**TASK GOAL**
Where the line with "module with its" appears below, start writing out lines exactly, and finish with the line with "SDK). The flag", which is included; write out nothing else.

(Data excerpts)

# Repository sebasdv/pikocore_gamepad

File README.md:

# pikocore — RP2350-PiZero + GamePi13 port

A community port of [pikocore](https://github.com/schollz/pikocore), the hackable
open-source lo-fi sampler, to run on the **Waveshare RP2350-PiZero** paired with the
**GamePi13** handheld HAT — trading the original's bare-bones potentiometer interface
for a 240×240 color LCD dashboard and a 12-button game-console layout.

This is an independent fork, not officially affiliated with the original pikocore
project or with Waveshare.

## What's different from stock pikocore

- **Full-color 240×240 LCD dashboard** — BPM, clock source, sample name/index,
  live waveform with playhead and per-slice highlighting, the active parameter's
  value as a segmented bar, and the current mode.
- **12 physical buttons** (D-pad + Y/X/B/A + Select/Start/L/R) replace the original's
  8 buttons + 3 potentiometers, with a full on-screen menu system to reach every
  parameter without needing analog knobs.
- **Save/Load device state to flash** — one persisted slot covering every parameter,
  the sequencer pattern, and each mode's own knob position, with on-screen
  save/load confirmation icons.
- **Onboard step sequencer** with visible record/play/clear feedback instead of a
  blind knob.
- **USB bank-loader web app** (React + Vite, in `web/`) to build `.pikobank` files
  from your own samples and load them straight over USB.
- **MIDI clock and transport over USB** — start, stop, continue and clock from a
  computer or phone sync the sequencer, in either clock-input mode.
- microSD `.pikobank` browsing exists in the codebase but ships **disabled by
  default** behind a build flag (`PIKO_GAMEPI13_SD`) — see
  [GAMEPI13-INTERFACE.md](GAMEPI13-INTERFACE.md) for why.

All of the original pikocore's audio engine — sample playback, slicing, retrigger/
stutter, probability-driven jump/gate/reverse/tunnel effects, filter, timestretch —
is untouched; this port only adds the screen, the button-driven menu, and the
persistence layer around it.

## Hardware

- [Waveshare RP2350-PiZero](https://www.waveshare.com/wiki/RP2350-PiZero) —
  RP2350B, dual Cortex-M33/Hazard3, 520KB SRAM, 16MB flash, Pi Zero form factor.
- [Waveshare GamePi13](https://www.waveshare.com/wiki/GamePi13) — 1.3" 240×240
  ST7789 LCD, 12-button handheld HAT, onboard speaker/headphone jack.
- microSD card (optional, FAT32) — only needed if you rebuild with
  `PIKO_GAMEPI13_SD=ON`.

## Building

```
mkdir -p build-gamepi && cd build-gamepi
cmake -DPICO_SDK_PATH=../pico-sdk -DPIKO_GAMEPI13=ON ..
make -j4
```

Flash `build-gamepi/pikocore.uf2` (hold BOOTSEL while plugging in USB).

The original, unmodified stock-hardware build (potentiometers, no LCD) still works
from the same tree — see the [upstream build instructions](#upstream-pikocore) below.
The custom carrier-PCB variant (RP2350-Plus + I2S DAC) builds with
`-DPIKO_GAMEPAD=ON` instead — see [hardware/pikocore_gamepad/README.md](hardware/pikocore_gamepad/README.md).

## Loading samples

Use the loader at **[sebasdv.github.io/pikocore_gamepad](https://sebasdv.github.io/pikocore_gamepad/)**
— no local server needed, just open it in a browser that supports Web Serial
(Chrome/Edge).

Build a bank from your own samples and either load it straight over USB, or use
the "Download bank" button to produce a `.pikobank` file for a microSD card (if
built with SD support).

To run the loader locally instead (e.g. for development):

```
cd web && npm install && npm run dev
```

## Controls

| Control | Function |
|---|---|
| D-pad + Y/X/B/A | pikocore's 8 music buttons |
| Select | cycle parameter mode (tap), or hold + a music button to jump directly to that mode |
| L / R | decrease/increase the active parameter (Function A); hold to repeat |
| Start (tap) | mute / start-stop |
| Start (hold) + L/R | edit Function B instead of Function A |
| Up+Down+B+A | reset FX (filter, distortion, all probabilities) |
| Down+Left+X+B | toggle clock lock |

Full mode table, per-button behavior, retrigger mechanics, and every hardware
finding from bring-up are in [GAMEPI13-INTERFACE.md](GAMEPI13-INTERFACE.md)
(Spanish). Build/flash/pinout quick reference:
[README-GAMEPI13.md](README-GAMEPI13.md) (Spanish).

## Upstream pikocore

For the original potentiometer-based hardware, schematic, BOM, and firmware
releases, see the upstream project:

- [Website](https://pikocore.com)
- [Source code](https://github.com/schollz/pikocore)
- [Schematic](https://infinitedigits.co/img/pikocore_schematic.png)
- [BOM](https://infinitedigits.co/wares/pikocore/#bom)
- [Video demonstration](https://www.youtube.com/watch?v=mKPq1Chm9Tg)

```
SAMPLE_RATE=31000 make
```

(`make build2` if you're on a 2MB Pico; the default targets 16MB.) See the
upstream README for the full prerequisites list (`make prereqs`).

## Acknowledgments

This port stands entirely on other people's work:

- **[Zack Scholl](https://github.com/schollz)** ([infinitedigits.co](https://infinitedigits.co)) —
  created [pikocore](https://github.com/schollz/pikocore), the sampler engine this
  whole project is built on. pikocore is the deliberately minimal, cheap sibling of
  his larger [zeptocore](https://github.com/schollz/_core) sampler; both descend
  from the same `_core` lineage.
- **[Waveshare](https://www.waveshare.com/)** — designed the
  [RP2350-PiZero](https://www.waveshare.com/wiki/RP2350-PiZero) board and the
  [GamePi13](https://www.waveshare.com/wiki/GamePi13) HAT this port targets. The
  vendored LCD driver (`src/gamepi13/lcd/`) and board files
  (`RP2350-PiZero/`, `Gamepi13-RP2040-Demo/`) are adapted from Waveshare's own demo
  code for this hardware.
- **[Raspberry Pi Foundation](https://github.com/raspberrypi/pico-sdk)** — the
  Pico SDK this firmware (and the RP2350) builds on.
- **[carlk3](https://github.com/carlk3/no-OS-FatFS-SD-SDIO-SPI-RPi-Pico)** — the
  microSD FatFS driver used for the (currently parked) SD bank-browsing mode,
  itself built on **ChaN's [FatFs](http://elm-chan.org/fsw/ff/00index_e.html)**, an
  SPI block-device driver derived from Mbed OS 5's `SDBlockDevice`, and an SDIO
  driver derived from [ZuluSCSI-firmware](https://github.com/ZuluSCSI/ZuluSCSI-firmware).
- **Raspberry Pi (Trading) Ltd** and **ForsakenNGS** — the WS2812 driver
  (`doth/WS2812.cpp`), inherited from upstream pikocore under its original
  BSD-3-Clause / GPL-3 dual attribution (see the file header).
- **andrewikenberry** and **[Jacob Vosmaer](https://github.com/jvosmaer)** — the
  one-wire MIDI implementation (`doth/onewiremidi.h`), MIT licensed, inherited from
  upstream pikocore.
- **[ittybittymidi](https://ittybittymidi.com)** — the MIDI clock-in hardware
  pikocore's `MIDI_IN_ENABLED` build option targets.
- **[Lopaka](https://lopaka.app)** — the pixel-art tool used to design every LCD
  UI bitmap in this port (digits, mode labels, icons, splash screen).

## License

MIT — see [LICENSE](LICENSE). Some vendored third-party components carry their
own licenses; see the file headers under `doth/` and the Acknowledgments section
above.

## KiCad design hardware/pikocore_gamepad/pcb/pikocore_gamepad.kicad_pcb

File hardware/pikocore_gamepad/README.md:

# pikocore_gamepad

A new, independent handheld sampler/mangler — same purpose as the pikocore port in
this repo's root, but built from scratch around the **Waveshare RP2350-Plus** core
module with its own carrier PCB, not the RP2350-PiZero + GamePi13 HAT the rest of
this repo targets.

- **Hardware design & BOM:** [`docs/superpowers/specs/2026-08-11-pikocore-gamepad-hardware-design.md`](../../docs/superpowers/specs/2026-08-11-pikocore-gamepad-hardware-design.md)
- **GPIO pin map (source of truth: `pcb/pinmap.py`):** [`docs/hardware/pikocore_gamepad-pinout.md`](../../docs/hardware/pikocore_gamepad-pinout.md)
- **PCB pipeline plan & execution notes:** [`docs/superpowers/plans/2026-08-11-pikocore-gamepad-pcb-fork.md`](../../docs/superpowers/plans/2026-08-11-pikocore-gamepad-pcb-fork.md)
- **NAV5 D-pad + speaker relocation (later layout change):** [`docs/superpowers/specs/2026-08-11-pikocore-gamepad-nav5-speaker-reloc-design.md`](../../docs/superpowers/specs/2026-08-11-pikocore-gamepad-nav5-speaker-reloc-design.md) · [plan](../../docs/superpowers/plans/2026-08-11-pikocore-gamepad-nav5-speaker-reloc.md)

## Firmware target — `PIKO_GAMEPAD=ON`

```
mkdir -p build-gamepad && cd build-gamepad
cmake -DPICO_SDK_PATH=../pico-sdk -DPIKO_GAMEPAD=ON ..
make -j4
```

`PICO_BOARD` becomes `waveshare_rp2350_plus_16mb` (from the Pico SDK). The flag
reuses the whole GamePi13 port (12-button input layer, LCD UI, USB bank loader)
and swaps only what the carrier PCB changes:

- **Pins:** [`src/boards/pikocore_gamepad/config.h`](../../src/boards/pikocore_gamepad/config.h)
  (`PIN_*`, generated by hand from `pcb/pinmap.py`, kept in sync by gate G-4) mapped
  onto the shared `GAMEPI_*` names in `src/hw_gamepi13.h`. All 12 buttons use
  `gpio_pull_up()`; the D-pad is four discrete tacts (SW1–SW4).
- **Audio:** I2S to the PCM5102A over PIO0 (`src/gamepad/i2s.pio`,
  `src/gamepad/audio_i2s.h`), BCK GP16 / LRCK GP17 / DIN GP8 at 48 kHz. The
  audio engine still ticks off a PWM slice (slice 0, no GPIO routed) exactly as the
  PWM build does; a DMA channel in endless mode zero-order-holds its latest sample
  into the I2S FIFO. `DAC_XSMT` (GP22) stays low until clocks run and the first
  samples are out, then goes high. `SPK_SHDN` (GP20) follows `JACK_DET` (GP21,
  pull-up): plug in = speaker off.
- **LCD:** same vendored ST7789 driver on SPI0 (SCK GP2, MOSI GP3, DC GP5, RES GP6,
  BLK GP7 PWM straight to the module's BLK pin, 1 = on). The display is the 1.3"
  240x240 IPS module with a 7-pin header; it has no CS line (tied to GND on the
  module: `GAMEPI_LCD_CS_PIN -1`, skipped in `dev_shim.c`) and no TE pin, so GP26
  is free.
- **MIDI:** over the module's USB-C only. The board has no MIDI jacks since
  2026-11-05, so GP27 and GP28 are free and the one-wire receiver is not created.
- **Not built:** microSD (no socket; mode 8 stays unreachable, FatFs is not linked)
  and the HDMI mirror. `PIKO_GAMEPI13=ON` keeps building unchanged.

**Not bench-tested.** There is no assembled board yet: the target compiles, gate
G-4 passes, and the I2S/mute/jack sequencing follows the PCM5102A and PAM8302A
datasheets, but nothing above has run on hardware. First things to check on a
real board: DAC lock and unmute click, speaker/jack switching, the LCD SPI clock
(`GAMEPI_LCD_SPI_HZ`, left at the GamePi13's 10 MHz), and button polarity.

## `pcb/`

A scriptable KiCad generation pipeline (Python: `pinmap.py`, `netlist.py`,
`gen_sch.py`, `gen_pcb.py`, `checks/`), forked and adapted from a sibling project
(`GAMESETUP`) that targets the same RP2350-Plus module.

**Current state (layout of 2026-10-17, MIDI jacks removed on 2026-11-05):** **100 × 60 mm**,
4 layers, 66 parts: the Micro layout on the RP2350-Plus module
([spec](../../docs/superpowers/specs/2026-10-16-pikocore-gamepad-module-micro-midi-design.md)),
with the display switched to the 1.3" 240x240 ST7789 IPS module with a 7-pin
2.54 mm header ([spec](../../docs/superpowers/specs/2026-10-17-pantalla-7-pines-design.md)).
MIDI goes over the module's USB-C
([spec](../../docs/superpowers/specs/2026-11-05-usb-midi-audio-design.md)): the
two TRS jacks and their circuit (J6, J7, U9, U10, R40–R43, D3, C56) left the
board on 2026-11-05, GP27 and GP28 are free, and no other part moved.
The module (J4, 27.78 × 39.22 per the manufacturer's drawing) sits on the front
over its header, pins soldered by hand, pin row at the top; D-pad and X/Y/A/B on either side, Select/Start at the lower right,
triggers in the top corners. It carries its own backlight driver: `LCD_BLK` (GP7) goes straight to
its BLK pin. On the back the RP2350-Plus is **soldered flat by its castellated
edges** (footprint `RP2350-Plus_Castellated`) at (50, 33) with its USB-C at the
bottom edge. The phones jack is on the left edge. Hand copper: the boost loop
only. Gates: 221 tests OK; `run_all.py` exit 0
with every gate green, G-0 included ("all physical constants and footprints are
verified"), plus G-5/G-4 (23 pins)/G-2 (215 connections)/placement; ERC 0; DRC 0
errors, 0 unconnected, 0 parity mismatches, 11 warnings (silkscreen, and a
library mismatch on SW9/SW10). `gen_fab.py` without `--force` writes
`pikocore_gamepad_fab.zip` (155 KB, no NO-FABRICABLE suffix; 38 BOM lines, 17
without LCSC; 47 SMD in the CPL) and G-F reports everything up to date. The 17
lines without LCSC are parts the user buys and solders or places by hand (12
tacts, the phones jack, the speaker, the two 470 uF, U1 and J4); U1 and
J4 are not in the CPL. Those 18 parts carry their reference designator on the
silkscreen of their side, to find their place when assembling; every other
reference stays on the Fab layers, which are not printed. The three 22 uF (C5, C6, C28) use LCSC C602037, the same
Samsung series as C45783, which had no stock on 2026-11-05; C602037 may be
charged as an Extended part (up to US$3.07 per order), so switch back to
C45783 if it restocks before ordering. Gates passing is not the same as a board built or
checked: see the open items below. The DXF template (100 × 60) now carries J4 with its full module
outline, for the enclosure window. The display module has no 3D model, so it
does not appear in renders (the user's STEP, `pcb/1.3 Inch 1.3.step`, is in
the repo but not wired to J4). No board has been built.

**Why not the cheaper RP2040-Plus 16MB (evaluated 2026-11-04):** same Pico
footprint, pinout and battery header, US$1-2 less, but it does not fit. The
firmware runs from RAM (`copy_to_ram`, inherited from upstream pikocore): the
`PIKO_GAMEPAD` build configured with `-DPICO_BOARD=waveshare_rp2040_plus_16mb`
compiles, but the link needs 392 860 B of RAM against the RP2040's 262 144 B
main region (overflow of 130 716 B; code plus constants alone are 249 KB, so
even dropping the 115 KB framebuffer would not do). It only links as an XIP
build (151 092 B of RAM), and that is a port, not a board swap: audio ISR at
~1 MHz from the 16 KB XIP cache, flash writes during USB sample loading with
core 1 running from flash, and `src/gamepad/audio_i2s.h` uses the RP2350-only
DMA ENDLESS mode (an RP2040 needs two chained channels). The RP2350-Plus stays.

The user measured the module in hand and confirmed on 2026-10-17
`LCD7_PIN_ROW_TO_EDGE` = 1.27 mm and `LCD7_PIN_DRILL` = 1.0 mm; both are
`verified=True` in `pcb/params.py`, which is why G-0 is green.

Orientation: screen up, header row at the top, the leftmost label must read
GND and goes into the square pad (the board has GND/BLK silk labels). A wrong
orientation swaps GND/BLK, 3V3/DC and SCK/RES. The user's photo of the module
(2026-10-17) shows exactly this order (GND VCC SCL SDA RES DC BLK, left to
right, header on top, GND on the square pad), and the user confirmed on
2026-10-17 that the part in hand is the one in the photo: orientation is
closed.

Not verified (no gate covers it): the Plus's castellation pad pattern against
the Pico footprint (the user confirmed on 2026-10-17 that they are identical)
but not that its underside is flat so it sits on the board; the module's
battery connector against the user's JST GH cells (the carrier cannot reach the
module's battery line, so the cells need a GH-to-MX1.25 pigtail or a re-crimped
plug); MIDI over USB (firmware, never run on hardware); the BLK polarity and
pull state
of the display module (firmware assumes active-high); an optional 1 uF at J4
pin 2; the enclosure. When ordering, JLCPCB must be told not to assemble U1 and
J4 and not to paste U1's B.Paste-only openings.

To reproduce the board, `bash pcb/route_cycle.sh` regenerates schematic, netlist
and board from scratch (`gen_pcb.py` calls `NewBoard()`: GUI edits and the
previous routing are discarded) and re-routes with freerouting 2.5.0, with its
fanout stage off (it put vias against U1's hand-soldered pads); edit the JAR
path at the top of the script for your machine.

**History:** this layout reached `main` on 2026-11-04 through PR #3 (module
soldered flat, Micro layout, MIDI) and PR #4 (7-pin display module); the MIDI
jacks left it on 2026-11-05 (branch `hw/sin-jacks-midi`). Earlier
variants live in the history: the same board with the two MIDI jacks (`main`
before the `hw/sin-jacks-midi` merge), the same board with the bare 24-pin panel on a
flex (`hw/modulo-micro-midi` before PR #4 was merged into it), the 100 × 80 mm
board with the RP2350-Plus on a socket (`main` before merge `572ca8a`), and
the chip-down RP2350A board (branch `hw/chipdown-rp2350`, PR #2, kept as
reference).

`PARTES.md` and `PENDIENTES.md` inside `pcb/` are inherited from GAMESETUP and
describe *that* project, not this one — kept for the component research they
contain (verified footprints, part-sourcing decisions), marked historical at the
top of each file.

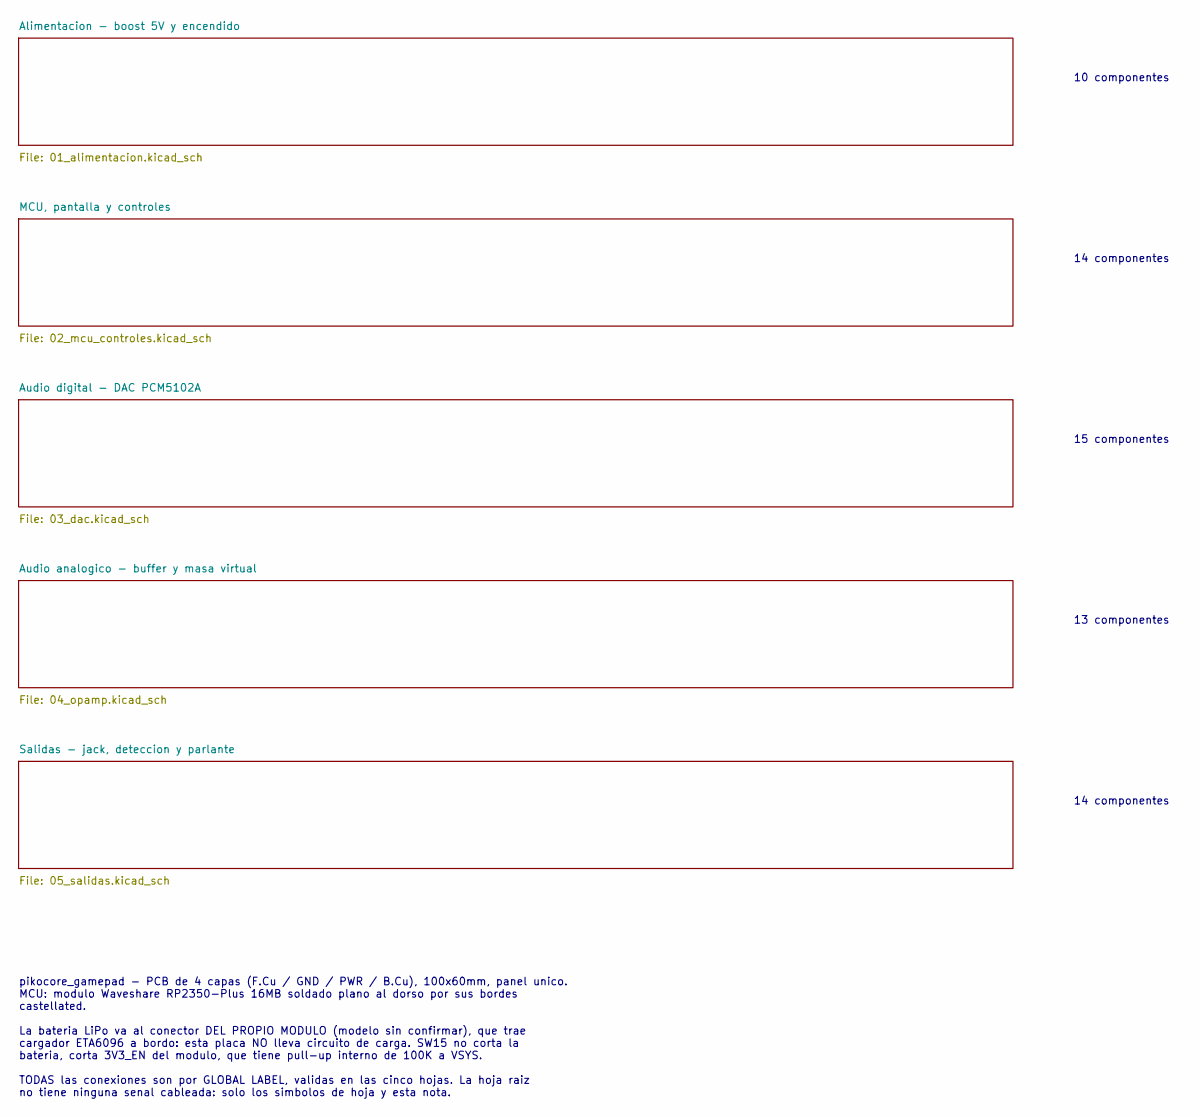
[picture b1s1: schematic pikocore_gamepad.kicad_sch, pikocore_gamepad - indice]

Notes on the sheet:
10 componentes
14 componentes
15 componentes
13 componentes
pikocore_gamepad - PCB de 4 capas (F.Cu / GND / PWR / B.Cu), 100x60mm, panel unico. MCU: modulo Waveshare RP2350-Plus 16MB soldado plano al dorso por sus bordes castellated. La bateria LiPo va al conector DEL PROPIO MODULO (modelo sin confirmar), que trae cargador ETA6096 a bordo: esta placa NO lle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

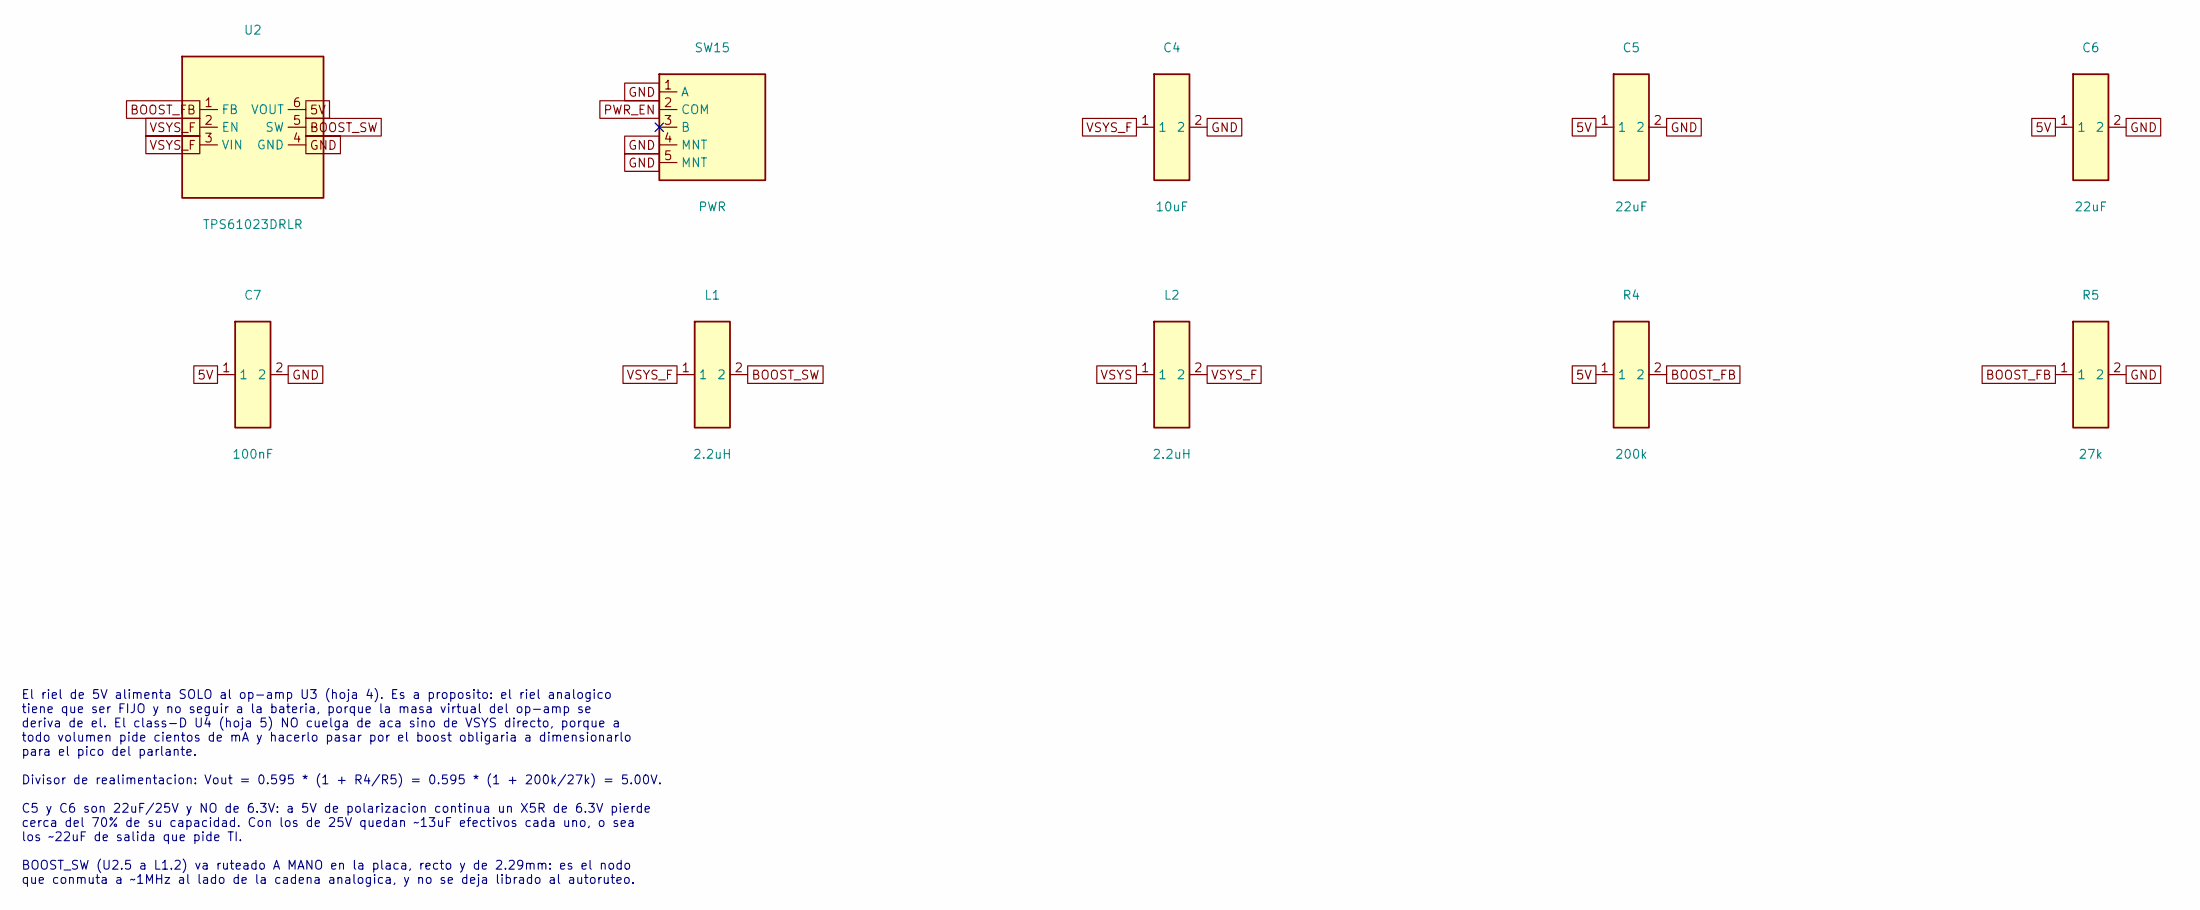
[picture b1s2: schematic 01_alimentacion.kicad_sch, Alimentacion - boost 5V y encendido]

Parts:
C4: 10uF; C_0603_1608Metric; LCSC C19702
C5, C6: 22uF; C_0805_2012Metric; LCSC C602037
C7: 100nF; C_0603_1608Metric; LCSC C14663
L1, L2: 2.2uH; L_1210_3225Metric; LCSC C3002559
R4: 200k; R_0603_1608Metric; LCSC C25811
R5: 27k; R_0603_1608Metric; LCSC C22967
SW15: PWR; SW-TH_SK12D07VG3; LCSC C431547
U2: TPS61023DRLR; SOT-563; LCSC C919459

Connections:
5V: C5.1, C6.1, C7.1, R4.1, U2.6 (VOUT); also elsewhere on the board
BOOST_FB: R4.2, R5.1, U2.1 (FB)
BOOST_SW: L1.2, U2.5 (SW)
GND: C4.2, C5.2, C6.2, C7.2, R5.2, SW15.1 (A), SW15.4 (MNT), SW15.5 (MNT), U2.4 (GND); also elsewhere on the board
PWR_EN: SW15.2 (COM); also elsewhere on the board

**EXERCISE RESPONSE**
module with its own carrier PCB, not the RP2350-PiZero + GamePi13 HAT the rest of
this repo targets.

- **Hardware design & BOM:** [`docs/superpowers/specs/2026-08-11-pikocore-gamepad-hardware-design.md`](../../docs/superpowers/specs/2026-08-11-pikocore-gamepad-hardware-design.md)
- **GPIO pin map (source of truth: `pcb/pinmap.py`):** [`docs/hardware/pikocore_gamepad-pinout.md`](../../docs/hardware/pikocore_gamepad-pinout.md)
- **PCB pipeline plan & execution notes:** [`docs/superpowers/plans/2026-08-11-pikocore-gamepad-pcb-fork.md`](../../docs/superpowers/plans/2026-08-11-pikocore-gamepad-pcb-fork.md)
- **NAV5 D-pad + speaker relocation (later layout change):** [`docs/superpowers/specs/2026-08-11-pikocore-gamepad-nav5-speaker-reloc-design.md`](../../docs/superpowers/specs/2026-08-11-pikocore-gamepad-nav5-speaker-reloc-design.md) · [plan](../../docs/superpowers/plans/2026-08-11-pikocore-gamepad-nav5-speaker-reloc.md)

## Firmware target — `PIKO_GAMEPAD=ON`

```
mkdir -p build-gamepad && cd build-gamepad
cmake -DPICO_SDK_PATH=../pico-sdk -DPIKO_GAMEPAD=ON ..
make -j4
```

`PICO_BOARD` becomes `waveshare_rp2350_plus_16mb` (from the Pico SDK). The flag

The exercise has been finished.